> Records for processing:
# # #
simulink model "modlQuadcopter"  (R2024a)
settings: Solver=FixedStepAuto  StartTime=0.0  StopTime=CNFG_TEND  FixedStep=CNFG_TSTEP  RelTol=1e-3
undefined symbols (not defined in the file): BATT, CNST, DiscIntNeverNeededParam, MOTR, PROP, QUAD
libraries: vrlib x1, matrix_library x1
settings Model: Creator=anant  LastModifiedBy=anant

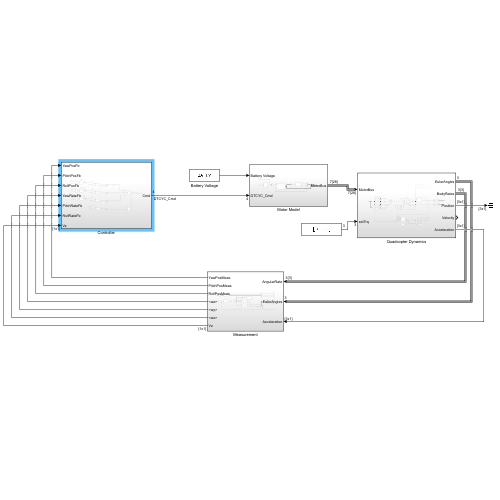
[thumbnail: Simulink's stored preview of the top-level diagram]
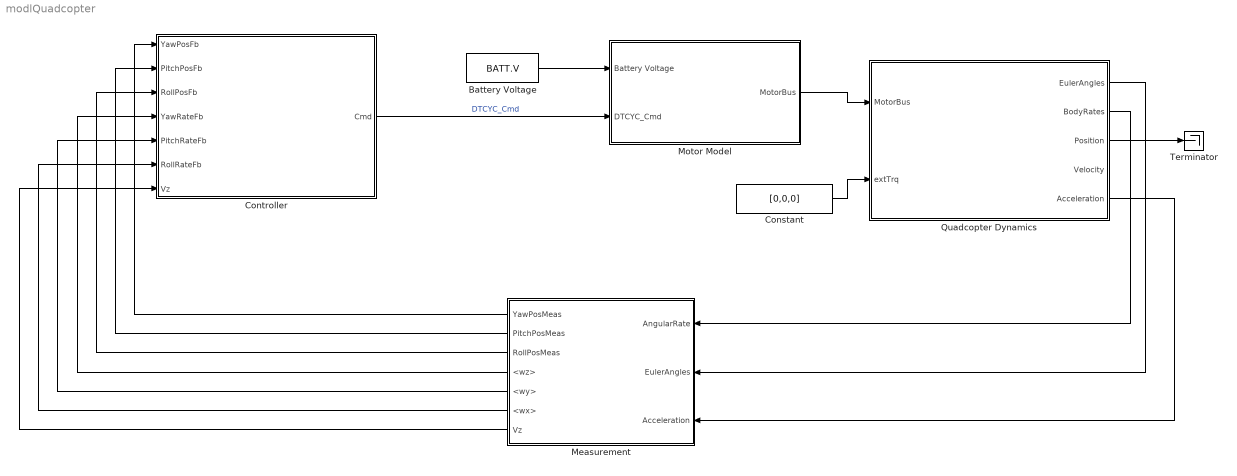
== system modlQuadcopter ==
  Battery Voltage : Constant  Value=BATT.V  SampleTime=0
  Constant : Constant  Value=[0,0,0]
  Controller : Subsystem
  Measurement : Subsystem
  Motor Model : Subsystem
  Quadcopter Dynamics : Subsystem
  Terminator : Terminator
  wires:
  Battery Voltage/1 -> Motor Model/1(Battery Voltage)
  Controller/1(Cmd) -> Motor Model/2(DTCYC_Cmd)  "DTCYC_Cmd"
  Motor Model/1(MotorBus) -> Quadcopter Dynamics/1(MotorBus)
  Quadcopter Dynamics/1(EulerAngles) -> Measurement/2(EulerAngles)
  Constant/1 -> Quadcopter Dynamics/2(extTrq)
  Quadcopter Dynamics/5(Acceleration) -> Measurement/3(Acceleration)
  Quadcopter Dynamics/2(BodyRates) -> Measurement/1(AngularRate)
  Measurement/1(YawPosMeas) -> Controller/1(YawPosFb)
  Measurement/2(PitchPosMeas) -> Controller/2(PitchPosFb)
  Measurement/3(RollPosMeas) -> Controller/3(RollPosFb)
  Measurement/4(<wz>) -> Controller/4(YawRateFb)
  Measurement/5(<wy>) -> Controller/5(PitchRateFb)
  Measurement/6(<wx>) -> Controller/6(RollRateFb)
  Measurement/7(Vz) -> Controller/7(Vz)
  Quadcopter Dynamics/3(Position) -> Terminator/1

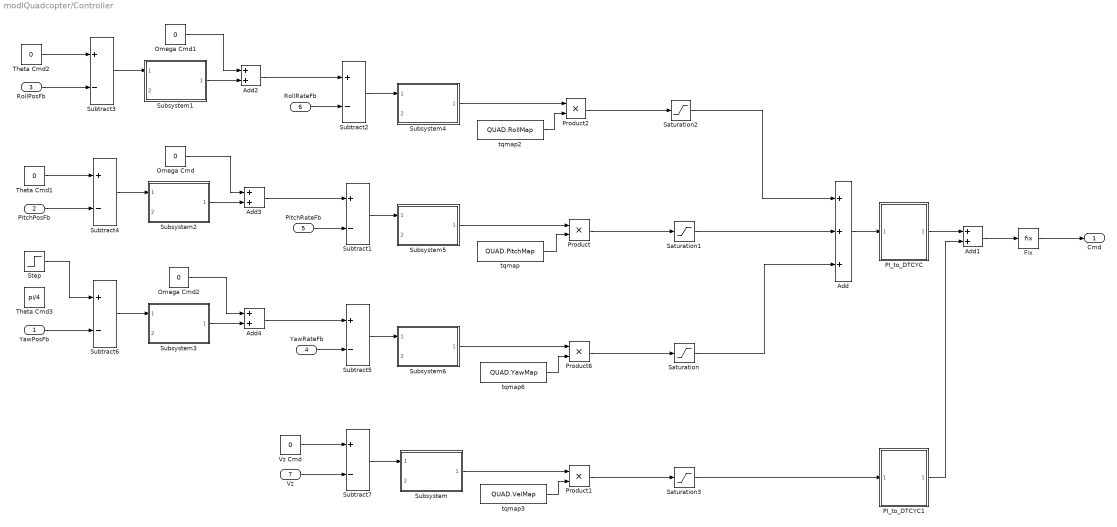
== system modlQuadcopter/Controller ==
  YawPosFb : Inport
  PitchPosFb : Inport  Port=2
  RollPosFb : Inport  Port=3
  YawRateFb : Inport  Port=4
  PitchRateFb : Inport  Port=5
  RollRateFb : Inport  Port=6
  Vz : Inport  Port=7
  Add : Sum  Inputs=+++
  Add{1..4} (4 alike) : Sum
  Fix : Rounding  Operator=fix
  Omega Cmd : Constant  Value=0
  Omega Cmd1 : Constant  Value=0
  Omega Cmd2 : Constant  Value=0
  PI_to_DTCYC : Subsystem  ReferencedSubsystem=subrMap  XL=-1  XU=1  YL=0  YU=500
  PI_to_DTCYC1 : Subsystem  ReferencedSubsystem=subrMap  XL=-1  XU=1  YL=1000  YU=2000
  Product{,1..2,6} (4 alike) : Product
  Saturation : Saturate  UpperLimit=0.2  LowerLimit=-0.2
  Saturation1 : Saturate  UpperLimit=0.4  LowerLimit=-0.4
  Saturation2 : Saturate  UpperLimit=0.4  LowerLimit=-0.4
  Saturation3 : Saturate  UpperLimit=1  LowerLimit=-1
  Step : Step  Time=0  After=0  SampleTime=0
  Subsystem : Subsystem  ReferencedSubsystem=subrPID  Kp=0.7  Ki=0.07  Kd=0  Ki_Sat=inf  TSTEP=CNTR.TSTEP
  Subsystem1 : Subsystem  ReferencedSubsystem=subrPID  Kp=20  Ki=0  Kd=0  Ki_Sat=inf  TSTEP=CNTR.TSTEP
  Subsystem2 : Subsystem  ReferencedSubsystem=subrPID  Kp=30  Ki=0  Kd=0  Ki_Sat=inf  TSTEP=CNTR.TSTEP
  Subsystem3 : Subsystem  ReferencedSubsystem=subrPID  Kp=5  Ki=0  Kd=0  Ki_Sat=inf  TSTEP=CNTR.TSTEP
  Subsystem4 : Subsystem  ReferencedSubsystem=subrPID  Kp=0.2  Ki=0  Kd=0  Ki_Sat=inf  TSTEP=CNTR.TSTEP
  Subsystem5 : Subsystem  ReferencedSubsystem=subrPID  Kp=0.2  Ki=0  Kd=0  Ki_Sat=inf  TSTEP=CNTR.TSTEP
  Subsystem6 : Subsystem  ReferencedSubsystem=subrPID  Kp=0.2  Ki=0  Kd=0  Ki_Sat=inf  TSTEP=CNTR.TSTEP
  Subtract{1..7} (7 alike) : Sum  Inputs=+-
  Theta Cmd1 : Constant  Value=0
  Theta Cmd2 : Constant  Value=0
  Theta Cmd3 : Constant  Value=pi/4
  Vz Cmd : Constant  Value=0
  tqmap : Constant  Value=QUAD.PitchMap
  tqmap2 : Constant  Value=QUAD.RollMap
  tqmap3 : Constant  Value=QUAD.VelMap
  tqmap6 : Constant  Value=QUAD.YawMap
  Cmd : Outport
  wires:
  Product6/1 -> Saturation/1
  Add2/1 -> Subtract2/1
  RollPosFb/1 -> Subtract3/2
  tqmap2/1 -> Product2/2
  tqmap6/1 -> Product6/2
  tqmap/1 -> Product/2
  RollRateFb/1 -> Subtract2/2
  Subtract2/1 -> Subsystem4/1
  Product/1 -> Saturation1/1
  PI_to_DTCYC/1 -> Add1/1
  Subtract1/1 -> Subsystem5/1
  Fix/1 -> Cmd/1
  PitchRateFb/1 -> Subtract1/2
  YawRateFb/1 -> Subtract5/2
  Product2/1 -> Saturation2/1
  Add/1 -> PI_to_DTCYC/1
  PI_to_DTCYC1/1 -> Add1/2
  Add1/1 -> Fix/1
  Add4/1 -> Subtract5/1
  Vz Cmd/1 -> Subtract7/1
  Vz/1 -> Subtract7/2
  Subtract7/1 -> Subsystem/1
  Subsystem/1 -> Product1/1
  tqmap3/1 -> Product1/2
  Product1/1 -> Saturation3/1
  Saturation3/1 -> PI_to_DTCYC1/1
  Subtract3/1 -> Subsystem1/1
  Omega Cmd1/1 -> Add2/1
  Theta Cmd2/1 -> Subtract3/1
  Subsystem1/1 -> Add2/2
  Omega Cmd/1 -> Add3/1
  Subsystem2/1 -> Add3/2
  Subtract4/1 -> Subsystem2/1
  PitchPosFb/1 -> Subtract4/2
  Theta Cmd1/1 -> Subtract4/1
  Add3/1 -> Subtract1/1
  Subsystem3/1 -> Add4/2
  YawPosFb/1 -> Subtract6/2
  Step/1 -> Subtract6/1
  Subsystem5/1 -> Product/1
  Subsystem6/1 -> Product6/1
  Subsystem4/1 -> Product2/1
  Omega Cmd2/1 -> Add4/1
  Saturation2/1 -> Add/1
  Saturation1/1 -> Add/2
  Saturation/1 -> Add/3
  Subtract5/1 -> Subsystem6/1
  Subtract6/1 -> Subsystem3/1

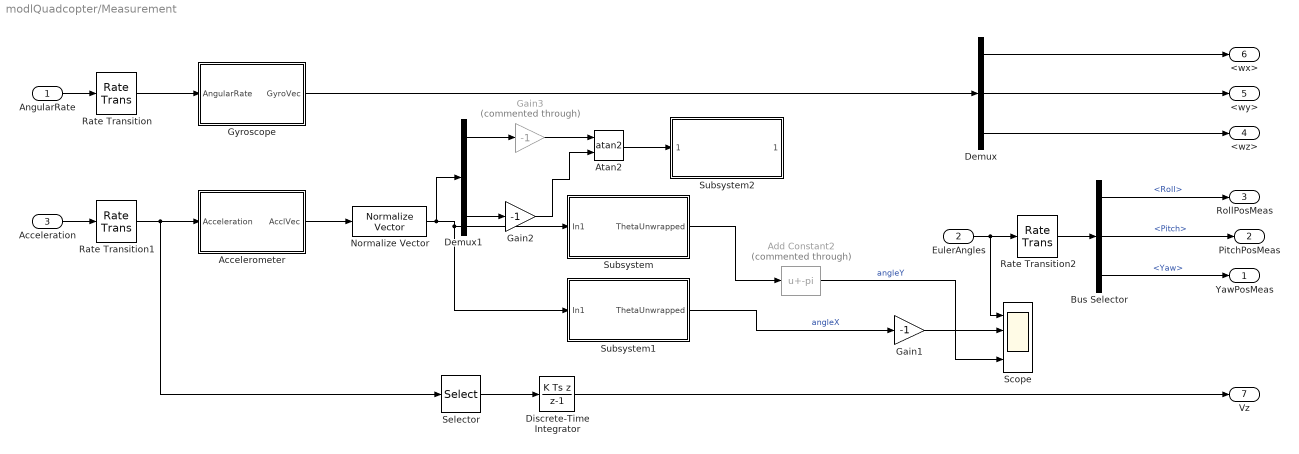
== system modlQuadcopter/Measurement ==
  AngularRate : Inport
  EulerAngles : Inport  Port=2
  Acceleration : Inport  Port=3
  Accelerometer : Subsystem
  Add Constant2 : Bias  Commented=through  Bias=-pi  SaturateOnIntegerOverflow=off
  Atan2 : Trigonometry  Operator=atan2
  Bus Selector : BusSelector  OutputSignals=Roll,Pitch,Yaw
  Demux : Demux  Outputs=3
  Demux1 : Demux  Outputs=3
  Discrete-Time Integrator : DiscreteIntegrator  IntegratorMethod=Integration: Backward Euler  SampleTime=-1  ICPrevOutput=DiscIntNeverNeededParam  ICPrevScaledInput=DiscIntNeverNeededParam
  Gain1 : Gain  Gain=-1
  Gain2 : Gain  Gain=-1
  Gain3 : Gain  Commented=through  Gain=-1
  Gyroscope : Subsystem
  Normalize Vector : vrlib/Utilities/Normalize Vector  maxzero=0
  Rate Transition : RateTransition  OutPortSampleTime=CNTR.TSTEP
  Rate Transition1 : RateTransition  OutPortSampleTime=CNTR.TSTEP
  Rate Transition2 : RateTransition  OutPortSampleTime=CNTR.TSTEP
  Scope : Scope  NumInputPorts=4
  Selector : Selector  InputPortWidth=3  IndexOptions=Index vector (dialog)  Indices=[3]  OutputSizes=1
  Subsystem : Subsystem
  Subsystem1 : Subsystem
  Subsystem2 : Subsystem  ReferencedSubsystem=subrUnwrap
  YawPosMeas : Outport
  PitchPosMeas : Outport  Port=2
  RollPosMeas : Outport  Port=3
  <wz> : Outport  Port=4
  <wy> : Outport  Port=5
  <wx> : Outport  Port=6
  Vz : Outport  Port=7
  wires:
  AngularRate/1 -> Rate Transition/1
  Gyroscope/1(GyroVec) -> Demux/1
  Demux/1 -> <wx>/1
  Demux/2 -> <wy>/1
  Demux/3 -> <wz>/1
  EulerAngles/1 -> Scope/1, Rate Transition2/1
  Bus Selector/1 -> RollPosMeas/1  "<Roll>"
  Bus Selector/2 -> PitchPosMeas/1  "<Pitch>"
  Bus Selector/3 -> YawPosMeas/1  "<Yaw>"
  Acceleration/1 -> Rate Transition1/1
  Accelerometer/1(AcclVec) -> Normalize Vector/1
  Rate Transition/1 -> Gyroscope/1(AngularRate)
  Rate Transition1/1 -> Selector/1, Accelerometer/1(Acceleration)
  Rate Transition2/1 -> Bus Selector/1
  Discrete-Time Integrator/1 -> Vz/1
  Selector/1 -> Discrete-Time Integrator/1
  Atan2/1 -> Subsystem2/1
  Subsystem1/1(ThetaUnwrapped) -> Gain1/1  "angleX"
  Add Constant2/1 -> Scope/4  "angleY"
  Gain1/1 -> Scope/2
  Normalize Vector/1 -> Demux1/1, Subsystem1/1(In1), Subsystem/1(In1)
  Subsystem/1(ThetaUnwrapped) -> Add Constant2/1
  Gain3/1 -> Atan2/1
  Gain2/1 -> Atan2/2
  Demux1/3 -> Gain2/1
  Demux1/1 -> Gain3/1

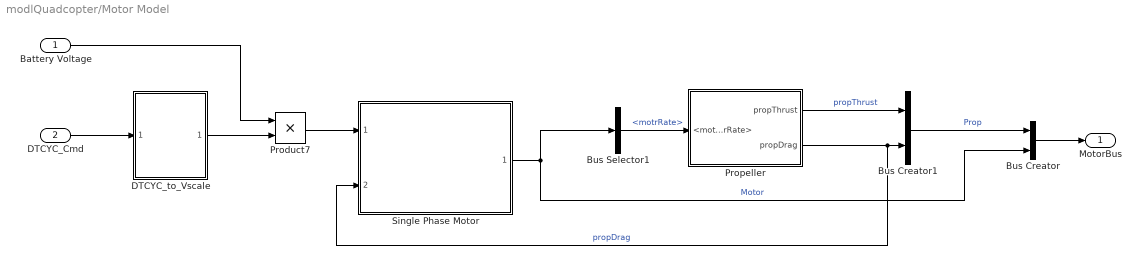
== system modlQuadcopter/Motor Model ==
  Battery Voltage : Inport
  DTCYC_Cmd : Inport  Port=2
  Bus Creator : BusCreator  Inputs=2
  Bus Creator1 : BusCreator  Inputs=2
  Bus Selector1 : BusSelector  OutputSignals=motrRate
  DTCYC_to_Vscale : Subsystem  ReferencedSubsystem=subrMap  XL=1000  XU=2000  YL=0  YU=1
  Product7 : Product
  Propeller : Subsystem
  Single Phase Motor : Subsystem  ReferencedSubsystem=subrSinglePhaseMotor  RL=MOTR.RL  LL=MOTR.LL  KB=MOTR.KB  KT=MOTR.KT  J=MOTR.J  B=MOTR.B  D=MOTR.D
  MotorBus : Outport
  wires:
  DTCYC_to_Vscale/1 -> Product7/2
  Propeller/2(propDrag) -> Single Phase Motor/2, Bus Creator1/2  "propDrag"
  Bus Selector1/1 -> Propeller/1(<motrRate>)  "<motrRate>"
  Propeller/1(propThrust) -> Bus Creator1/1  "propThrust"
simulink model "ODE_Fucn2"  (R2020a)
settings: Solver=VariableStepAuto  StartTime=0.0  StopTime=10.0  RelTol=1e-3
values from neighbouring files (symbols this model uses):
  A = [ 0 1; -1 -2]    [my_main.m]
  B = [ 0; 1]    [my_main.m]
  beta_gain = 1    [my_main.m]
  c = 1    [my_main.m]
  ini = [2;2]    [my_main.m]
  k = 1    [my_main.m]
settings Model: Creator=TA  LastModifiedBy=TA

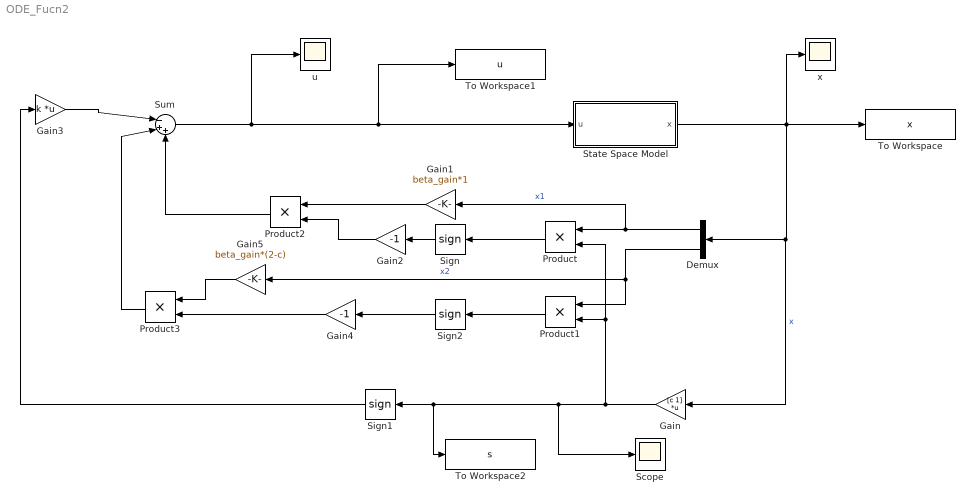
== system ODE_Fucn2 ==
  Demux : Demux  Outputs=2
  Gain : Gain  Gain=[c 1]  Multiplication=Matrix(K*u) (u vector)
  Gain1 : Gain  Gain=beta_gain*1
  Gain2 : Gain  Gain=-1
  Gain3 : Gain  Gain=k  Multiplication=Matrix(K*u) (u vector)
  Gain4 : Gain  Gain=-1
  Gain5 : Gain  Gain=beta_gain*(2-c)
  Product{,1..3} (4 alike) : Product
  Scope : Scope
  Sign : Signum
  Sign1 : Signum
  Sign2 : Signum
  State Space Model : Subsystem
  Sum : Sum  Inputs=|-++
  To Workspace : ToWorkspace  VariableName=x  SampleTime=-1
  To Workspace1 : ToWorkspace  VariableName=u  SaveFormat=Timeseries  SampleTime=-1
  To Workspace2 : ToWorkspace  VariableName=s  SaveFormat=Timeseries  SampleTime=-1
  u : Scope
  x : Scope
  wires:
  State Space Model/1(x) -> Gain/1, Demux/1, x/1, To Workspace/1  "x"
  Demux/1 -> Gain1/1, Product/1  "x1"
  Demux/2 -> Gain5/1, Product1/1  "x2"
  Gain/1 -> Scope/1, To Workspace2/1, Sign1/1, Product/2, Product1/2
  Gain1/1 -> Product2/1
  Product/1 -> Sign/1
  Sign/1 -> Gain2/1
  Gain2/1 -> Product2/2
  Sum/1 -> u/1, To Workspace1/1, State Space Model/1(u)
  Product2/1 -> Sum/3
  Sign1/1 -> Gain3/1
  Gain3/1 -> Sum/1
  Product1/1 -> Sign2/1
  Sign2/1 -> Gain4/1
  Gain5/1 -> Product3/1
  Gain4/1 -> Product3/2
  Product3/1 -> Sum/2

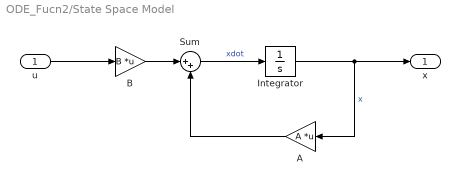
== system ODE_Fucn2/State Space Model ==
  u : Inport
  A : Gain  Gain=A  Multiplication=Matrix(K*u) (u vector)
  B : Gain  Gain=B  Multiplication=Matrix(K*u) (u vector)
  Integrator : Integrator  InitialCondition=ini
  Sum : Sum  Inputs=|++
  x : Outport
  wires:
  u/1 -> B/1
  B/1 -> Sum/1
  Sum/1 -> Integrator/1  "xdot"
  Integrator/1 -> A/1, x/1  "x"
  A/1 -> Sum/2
# # #
> What you are asked to do:
Everything above from the line containing "AngularRate : Inport" down to the line containing "YawPosMeas : Outport" should be copied exactly, both end lines included, and nothing else.

> Written reply:
  AngularRate : Inport
  EulerAngles : Inport  Port=2
  Acceleration : Inport  Port=3
  Accelerometer : Subsystem
  Add Constant2 : Bias  Commented=through  Bias=-pi  SaturateOnIntegerOverflow=off
  Atan2 : Trigonometry  Operator=atan2
  Bus Selector : BusSelector  OutputSignals=Roll,Pitch,Yaw
  Demux : Demux  Outputs=3
  Demux1 : Demux  Outputs=3
  Discrete-Time Integrator : DiscreteIntegrator  IntegratorMethod=Integration: Backward Euler  SampleTime=-1  ICPrevOutput=DiscIntNeverNeededParam  ICPrevScaledInput=DiscIntNeverNeededParam
  Gain1 : Gain  Gain=-1
  Gain2 : Gain  Gain=-1
  Gain3 : Gain  Commented=through  Gain=-1
  Gyroscope : Subsystem
  Normalize Vector : vrlib/Utilities/Normalize Vector  maxzero=0
  Rate Transition : RateTransition  OutPortSampleTime=CNTR.TSTEP
  Rate Transition1 : RateTransition  OutPortSampleTime=CNTR.TSTEP
  Rate Transition2 : RateTransition  OutPortSampleTime=CNTR.TSTEP
  Scope : Scope  NumInputPorts=4
  Selector : Selector  InputPortWidth=3  IndexOptions=Index vector (dialog)  Indices=[3]  OutputSizes=1
  Subsystem : Subsystem
  Subsystem1 : Subsystem
  Subsystem2 : Subsystem  ReferencedSubsystem=subrUnwrap
  YawPosMeas : Outport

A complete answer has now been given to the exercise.